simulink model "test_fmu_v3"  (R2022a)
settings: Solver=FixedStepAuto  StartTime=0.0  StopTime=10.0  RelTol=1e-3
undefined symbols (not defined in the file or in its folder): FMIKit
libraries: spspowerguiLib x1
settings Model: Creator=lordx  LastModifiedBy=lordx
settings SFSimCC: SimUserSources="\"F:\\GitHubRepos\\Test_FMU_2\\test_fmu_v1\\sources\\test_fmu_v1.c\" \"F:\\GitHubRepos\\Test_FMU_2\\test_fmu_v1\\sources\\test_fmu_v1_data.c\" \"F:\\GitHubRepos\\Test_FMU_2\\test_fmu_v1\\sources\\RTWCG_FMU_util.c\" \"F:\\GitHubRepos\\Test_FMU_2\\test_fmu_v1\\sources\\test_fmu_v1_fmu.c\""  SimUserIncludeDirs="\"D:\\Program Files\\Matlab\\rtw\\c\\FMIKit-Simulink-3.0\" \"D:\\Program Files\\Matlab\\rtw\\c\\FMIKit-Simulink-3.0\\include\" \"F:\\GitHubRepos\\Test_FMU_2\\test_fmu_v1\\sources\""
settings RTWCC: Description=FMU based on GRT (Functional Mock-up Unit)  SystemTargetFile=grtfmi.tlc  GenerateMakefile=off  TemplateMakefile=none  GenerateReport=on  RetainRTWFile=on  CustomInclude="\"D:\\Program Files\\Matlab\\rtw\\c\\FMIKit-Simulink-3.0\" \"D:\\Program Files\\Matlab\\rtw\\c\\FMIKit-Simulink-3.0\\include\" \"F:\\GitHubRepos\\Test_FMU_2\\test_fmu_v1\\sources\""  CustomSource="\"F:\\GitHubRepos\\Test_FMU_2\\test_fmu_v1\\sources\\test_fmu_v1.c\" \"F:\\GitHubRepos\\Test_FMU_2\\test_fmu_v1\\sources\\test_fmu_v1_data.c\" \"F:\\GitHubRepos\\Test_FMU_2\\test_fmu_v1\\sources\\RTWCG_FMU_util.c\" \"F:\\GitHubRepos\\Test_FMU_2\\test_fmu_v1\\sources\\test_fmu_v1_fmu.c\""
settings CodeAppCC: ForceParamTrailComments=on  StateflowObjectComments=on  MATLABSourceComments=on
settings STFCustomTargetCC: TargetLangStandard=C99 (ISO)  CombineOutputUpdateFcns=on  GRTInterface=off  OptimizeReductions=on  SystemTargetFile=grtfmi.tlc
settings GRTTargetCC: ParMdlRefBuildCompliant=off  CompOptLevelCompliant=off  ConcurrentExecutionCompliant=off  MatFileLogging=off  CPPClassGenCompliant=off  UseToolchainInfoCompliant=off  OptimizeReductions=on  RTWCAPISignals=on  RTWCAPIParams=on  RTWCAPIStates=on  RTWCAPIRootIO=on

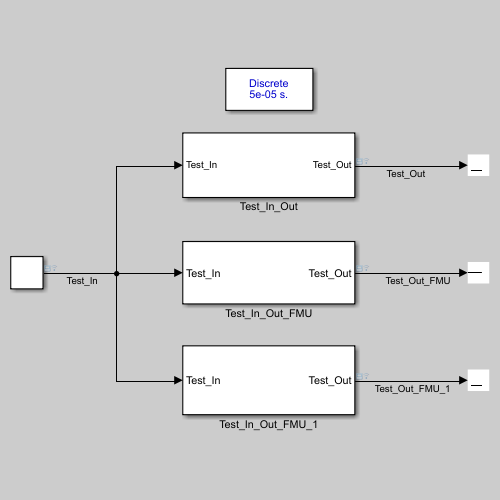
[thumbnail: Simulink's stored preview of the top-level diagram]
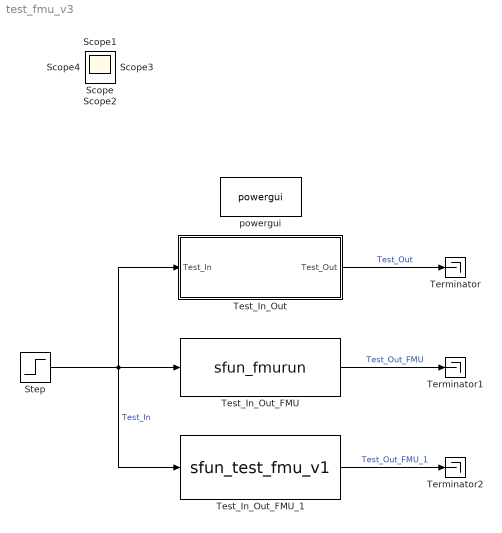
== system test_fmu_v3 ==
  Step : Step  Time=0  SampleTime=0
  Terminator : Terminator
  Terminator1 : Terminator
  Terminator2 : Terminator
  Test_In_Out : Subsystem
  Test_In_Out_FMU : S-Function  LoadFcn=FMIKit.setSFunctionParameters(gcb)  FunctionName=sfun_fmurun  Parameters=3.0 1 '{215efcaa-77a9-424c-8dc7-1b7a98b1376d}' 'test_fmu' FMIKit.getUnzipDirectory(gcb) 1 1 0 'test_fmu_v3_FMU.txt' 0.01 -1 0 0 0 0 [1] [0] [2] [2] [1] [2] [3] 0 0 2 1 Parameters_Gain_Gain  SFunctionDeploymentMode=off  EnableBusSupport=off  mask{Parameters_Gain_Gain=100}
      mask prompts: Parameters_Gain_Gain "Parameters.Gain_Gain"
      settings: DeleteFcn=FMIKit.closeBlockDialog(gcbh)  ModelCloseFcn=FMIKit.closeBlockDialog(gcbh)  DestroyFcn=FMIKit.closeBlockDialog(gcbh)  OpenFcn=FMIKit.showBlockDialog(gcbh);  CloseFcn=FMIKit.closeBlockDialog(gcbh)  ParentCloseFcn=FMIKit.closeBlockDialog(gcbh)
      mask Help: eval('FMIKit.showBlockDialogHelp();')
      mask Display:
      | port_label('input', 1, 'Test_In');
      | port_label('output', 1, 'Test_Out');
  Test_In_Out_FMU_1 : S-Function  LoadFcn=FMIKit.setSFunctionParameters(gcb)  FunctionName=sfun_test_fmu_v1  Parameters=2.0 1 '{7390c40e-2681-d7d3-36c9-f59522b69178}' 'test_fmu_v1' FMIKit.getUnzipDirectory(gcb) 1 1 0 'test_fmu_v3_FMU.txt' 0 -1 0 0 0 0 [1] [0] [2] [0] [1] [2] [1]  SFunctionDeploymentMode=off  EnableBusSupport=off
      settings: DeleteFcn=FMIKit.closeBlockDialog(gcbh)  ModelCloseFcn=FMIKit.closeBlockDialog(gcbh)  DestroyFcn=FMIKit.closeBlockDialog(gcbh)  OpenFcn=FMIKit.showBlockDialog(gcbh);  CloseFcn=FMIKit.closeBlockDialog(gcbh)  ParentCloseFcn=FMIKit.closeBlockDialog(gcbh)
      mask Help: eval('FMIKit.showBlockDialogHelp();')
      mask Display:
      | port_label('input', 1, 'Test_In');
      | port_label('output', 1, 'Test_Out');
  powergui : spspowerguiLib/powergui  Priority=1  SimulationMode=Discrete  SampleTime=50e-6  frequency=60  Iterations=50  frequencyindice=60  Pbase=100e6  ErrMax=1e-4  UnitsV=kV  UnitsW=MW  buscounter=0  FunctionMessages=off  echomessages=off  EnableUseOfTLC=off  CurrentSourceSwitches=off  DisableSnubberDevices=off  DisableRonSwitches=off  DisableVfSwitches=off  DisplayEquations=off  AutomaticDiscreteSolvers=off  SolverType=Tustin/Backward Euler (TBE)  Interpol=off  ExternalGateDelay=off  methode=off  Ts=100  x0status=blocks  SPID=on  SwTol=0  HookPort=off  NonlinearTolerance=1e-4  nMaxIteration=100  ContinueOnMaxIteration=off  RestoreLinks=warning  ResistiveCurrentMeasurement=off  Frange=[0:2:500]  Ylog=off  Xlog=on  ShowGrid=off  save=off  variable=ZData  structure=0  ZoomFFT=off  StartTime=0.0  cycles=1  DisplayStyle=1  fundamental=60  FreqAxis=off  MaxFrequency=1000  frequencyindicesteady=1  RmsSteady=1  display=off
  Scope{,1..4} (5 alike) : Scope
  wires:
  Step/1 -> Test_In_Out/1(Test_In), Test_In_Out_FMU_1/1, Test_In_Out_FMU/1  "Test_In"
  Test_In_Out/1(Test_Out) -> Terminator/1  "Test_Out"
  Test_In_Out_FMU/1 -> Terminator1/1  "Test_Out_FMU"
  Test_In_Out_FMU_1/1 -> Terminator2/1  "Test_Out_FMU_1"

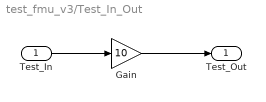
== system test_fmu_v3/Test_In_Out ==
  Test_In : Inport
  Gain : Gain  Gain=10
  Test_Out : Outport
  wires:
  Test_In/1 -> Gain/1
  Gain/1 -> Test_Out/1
═══
**EXERCISE**
Write the listing out again in full and unchanged, minus any pictures.

**ANSWER SPACE**
simulink model "test_fmu_v3"  (R2022a)
settings: Solver=FixedStepAuto  StartTime=0.0  StopTime=10.0  RelTol=1e-3
undefined symbols (not defined in the file or in its folder): FMIKit
libraries: spspowerguiLib x1
settings Model: Creator=lordx  LastModifiedBy=lordx
settings SFSimCC: SimUserSources="\"F:\\GitHubRepos\\Test_FMU_2\\test_fmu_v1\\sources\\test_fmu_v1.c\" \"F:\\GitHubRepos\\Test_FMU_2\\test_fmu_v1\\sources\\test_fmu_v1_data.c\" \"F:\\GitHubRepos\\Test_FMU_2\\test_fmu_v1\\sources\\RTWCG_FMU_util.c\" \"F:\\GitHubRepos\\Test_FMU_2\\test_fmu_v1\\sources\\test_fmu_v1_fmu.c\""  SimUserIncludeDirs="\"D:\\Program Files\\Matlab\\rtw\\c\\FMIKit-Simulink-3.0\" \"D:\\Program Files\\Matlab\\rtw\\c\\FMIKit-Simulink-3.0\\include\" \"F:\\GitHubRepos\\Test_FMU_2\\test_fmu_v1\\sources\""
settings RTWCC: Description=FMU based on GRT (Functional Mock-up Unit)  SystemTargetFile=grtfmi.tlc  GenerateMakefile=off  TemplateMakefile=none  GenerateReport=on  RetainRTWFile=on  CustomInclude="\"D:\\Program Files\\Matlab\\rtw\\c\\FMIKit-Simulink-3.0\" \"D:\\Program Files\\Matlab\\rtw\\c\\FMIKit-Simulink-3.0\\include\" \"F:\\GitHubRepos\\Test_FMU_2\\test_fmu_v1\\sources\""  CustomSource="\"F:\\GitHubRepos\\Test_FMU_2\\test_fmu_v1\\sources\\test_fmu_v1.c\" \"F:\\GitHubRepos\\Test_FMU_2\\test_fmu_v1\\sources\\test_fmu_v1_data.c\" \"F:\\GitHubRepos\\Test_FMU_2\\test_fmu_v1\\sources\\RTWCG_FMU_util.c\" \"F:\\GitHubRepos\\Test_FMU_2\\test_fmu_v1\\sources\\test_fmu_v1_fmu.c\""
settings CodeAppCC: ForceParamTrailComments=on  StateflowObjectComments=on  MATLABSourceComments=on
settings STFCustomTargetCC: TargetLangStandard=C99 (ISO)  CombineOutputUpdateFcns=on  GRTInterface=off  OptimizeReductions=on  SystemTargetFile=grtfmi.tlc
settings GRTTargetCC: ParMdlRefBuildCompliant=off  CompOptLevelCompliant=off  ConcurrentExecutionCompliant=off  MatFileLogging=off  CPPClassGenCompliant=off  UseToolchainInfoCompliant=off  OptimizeReductions=on  RTWCAPISignals=on  RTWCAPIParams=on  RTWCAPIStates=on  RTWCAPIRootIO=on

[thumbnail: Simulink's stored preview of the top-level diagram]
== system test_fmu_v3 ==
  Step : Step  Time=0  SampleTime=0
  Terminator : Terminator
  Terminator1 : Terminator
  Terminator2 : Terminator
  Test_In_Out : Subsystem
  Test_In_Out_FMU : S-Function  LoadFcn=FMIKit.setSFunctionParameters(gcb)  FunctionName=sfun_fmurun  Parameters=3.0 1 '{215efcaa-77a9-424c-8dc7-1b7a98b1376d}' 'test_fmu' FMIKit.getUnzipDirectory(gcb) 1 1 0 'test_fmu_v3_FMU.txt' 0.01 -1 0 0 0 0 [1] [0] [2] [2] [1] [2] [3] 0 0 2 1 Parameters_Gain_Gain  SFunctionDeploymentMode=off  EnableBusSupport=off  mask{Parameters_Gain_Gain=100}
      mask prompts: Parameters_Gain_Gain "Parameters.Gain_Gain"
      settings: DeleteFcn=FMIKit.closeBlockDialog(gcbh)  ModelCloseFcn=FMIKit.closeBlockDialog(gcbh)  DestroyFcn=FMIKit.closeBlockDialog(gcbh)  OpenFcn=FMIKit.showBlockDialog(gcbh);  CloseFcn=FMIKit.closeBlockDialog(gcbh)  ParentCloseFcn=FMIKit.closeBlockDialog(gcbh)
      mask Help: eval('FMIKit.showBlockDialogHelp();')
      mask Display:
      | port_label('input', 1, 'Test_In');
      | port_label('output', 1, 'Test_Out');
  Test_In_Out_FMU_1 : S-Function  LoadFcn=FMIKit.setSFunctionParameters(gcb)  FunctionName=sfun_test_fmu_v1  Parameters=2.0 1 '{7390c40e-2681-d7d3-36c9-f59522b69178}' 'test_fmu_v1' FMIKit.getUnzipDirectory(gcb) 1 1 0 'test_fmu_v3_FMU.txt' 0 -1 0 0 0 0 [1] [0] [2] [0] [1] [2] [1]  SFunctionDeploymentMode=off  EnableBusSupport=off
      settings: DeleteFcn=FMIKit.closeBlockDialog(gcbh)  ModelCloseFcn=FMIKit.closeBlockDialog(gcbh)  DestroyFcn=FMIKit.closeBlockDialog(gcbh)  OpenFcn=FMIKit.showBlockDialog(gcbh);  CloseFcn=FMIKit.closeBlockDialog(gcbh)  ParentCloseFcn=FMIKit.closeBlockDialog(gcbh)
      mask Help: eval('FMIKit.showBlockDialogHelp();')
      mask Display:
      | port_label('input', 1, 'Test_In');
      | port_label('output', 1, 'Test_Out');
  powergui : spspowerguiLib/powergui  Priority=1  SimulationMode=Discrete  SampleTime=50e-6  frequency=60  Iterations=50  frequencyindice=60  Pbase=100e6  ErrMax=1e-4  UnitsV=kV  UnitsW=MW  buscounter=0  FunctionMessages=off  echomessages=off  EnableUseOfTLC=off  CurrentSourceSwitches=off  DisableSnubberDevices=off  DisableRonSwitches=off  DisableVfSwitches=off  DisplayEquations=off  AutomaticDiscreteSolvers=off  SolverType=Tustin/Backward Euler (TBE)  Interpol=off  ExternalGateDelay=off  methode=off  Ts=100  x0status=blocks  SPID=on  SwTol=0  HookPort=off  NonlinearTolerance=1e-4  nMaxIteration=100  ContinueOnMaxIteration=off  RestoreLinks=warning  ResistiveCurrentMeasurement=off  Frange=[0:2:500]  Ylog=off  Xlog=on  ShowGrid=off  save=off  variable=ZData  structure=0  ZoomFFT=off  StartTime=0.0  cycles=1  DisplayStyle=1  fundamental=60  FreqAxis=off  MaxFrequency=1000  frequencyindicesteady=1  RmsSteady=1  display=off
  Scope{,1..4} (5 alike) : Scope
  wires:
  Step/1 -> Test_In_Out/1(Test_In), Test_In_Out_FMU_1/1, Test_In_Out_FMU/1  "Test_In"
  Test_In_Out/1(Test_Out) -> Terminator/1  "Test_Out"
  Test_In_Out_FMU/1 -> Terminator1/1  "Test_Out_FMU"
  Test_In_Out_FMU_1/1 -> Terminator2/1  "Test_Out_FMU_1"

== system test_fmu_v3/Test_In_Out ==
  Test_In : Inport
  Gain : Gain  Gain=10
  Test_Out : Outport
  wires:
  Test_In/1 -> Gain/1
  Gain/1 -> Test_Out/1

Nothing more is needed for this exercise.